Lost in Byron’s Childe Harold, the time raced away, and Tenille was surprised when the skinny, acned counter boy leaned on his brush opposite her table and said, ‘We’re closing.’ She grabbed her stuff and made for the door, checking her watch. Half past ten. And the rain had stopped, which meant she could dawdle home, hoodie pulled tight round her head against the wind.
It was quarter past eleven when Tenille inched her key into the lock and opened the front door without a sound. She slid into the darkened hall silent as a shadow, her senses sharpened by the prickle of fear. A cone of faint flickering light spilled into the hall from the half-open living-room door. She could hear the muted drawl of American accents from the TV. Her nose screwed up in a grimace, identifying the sweet of dope smoke and the sour of beer. She risked a quick peek round the door frame. Geno lay sprawled on the sofa, legs apart, one hand lying along the inside of his thigh, the other dangling towards the floor. His head lay back against the greasy mock velvet, his mouth open, a trickle of drool glistening at one corner. Pissed and passed out, she thought, relief and contempt mingling satisfactorily.

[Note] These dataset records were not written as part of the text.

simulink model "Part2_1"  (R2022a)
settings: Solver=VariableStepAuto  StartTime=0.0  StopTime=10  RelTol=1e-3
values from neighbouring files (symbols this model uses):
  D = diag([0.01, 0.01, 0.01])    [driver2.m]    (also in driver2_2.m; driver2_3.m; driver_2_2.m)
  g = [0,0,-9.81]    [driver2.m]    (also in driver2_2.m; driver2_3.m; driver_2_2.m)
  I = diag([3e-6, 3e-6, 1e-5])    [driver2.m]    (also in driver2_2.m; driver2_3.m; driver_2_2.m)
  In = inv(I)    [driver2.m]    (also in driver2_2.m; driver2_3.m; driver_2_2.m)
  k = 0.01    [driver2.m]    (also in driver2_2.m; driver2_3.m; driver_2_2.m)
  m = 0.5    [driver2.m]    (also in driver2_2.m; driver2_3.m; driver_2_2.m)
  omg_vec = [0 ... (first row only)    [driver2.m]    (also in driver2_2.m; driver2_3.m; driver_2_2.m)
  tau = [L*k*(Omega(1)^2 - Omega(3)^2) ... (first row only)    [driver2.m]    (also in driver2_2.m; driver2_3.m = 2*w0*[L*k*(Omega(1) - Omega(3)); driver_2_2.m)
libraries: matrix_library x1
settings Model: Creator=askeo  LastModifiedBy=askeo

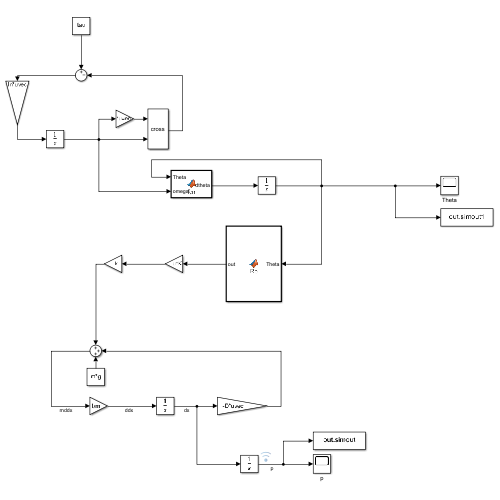
[thumbnail: Simulink's stored preview of the top-level diagram]
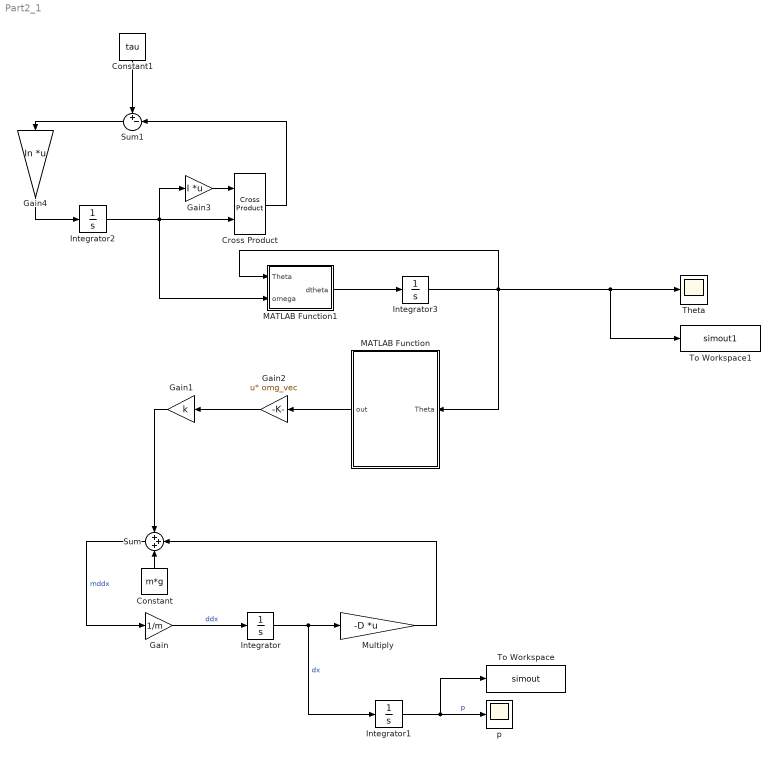
== system Part2_1 ==
  Constant : Constant  Value=m*g
  Constant1 : Constant  Value=tau
  Cross Product : matrix_library/Cross Product
      settings: SourceProductBaseCode=SL
  Gain : Gain  Gain=1/m
  Gain1 : Gain  Gain=k
  Gain2 : Gain  Gain=omg_vec  Multiplication=Matrix(u*K)
  Gain3 : Gain  Gain=I  Multiplication=Matrix(K*u) (u vector)
  Gain4 : Gain  Gain=In  Multiplication=Matrix(K*u) (u vector)
  Integrator : Integrator  InitialCondition=[0;0;0]
  Integrator1 : Integrator  InitialCondition=[0;0;0]
  Integrator2 : Integrator  InitialCondition=[0;0;0]
  Integrator3 : Integrator  InitialCondition=[0; 0; 0]
  MATLAB Function : MATLAB Function  TreatAsAtomicUnit=on
  MATLAB Function1 : MATLAB Function  TreatAsAtomicUnit=on
  Multiply : Gain  Gain=-D  Multiplication=Matrix(K*u) (u vector)
  Sum : Sum  Inputs=+++
  Sum1 : Sum  Inputs=+-|
  Theta : Scope
  To Workspace : ToWorkspace  VariableName=simout  SaveFormat=Timeseries  SampleTime=-1
  To Workspace1 : ToWorkspace  VariableName=simout1  SaveFormat=Timeseries  SampleTime=-1
  p : Scope
  wires:
  Gain/1 -> Integrator/1  "ddx"
  Integrator/1 -> Integrator1/1, Multiply/1  "dx"
  Multiply/1 -> Sum/2
  Constant/1 -> Sum/3
  Gain1/1 -> Sum/1
  Sum/1 -> Gain/1  "mddx"
  Integrator1/1 -> To Workspace/1, p/1  "p"
  Integrator2/1 -> MATLAB Function1/2(omega), Gain3/1, Cross Product/2
  MATLAB Function1/1(dtheta) -> Integrator3/1
  MATLAB Function/1(out) -> Gain2/1
  Constant1/1 -> Sum1/1
  Cross Product/1 -> Sum1/2
  Sum1/1 -> Gain4/1
  Gain4/1 -> Integrator2/1
  Gain3/1 -> Cross Product/1
  Gain2/1 -> Gain1/1
  Integrator3/1 -> MATLAB Function1/1(Theta), MATLAB Function/1(Theta), To Workspace1/1, Theta/1

== matlab function Part2_1/MATLAB Function1 ==
  data: dtheta output; Theta input; omega input
function dtheta = fcn(Theta, omega)

C = [1, 0, -sin(Theta(2))
    0, cos(Theta(1)), cos(Theta(2))*sin(Theta(1))
    0, -sin(Theta(1)), cos(Theta(2))*cos(Theta(1))];

dtheta = inv(C)*omega;
end

== matlab function Part2_1/MATLAB Function ==
  data: Theta input; out output
function out = Rb(Theta)

phi = Theta(1);
theta = Theta(2);
psi = Theta(3);

rbi = [cos(psi)*cos(theta), cos(psi)*sin(theta)*sin(phi) - sin(psi)*cos(phi), sin(psi)*sin(phi) + cos(psi)*sin(theta)*cos(phi)
    sin(psi)*cos(theta), cos(psi)*cos(phi) + sin(psi)*sin(theta)*sin(phi), sin(psi)*sin(theta)*sin(phi) - cos(psi)*sin(phi)
    -sin(theta), cos(theta)*sin(phi), cos(theta)*cos(phi)];

out = rbi;
end
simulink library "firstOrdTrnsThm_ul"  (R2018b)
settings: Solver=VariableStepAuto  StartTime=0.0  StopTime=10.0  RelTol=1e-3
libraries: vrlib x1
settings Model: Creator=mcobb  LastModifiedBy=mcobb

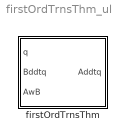
== system firstOrdTrnsThm_ul ==
  firstOrdTrnsThm : Subsystem

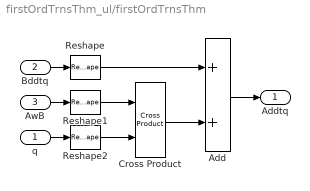
== system firstOrdTrnsThm_ul/firstOrdTrnsThm ==
  q : Inport  PortDimensions=3
  Bddtq : Inport  Port=2  PortDimensions=3
  AwB : Inport  Port=3  PortDimensions=3
  Add : Sum
  Cross Product : vrlib/Utilities/Cross Product
      settings: SourceProductBaseCode=VR
  Reshape : Reshape  OutputDimensionality=Column vector (2-D)
  Reshape1 : Reshape  OutputDimensionality=Column vector (2-D)
  Reshape2 : Reshape  OutputDimensionality=Column vector (2-D)
  Addtq : Outport  PortDimensions=3
  wires:
  Bddtq/1 -> Reshape/1
  Cross Product/1 -> Add/2
  AwB/1 -> Reshape1/1
  q/1 -> Reshape2/1
  Add/1 -> Addtq/1
  Reshape/1 -> Add/1
  Reshape1/1 -> Cross Product/1
  Reshape2/1 -> Cross Product/2

Tenille crept to her room and silently pulled her chest of drawers across the closed door. Without taking her clothes off, she slid under her lumpy duvet and eased herself to sleep with dark fantasies of a razor-sharp blade making a second red mouth in the invitingly exposed throat of Geno Marley.
‘I know you, sir,’ I said when I had overcome my surprise enough to speak. I told him that I had believed him either dead or else many hundreds of miles from these parts & that I had thought never to see him more. He said that he was as good as dead if any of His Majesty’s men should clap eyes upon him & that he hoped he could count himself safe in my mercy. I gave him assurance that the good offices of his brother had placed me in his family’s debt & that I would keep his confidences close in my own breast. He thanked me & shook. Me by the hand so that I could not fail to notice how yet he suffers the profound perspiration of the palms that so afflicted him as a boy & into his early manhood. Any-final doubts of mine were cast to the four winds at that pressing of the flesh.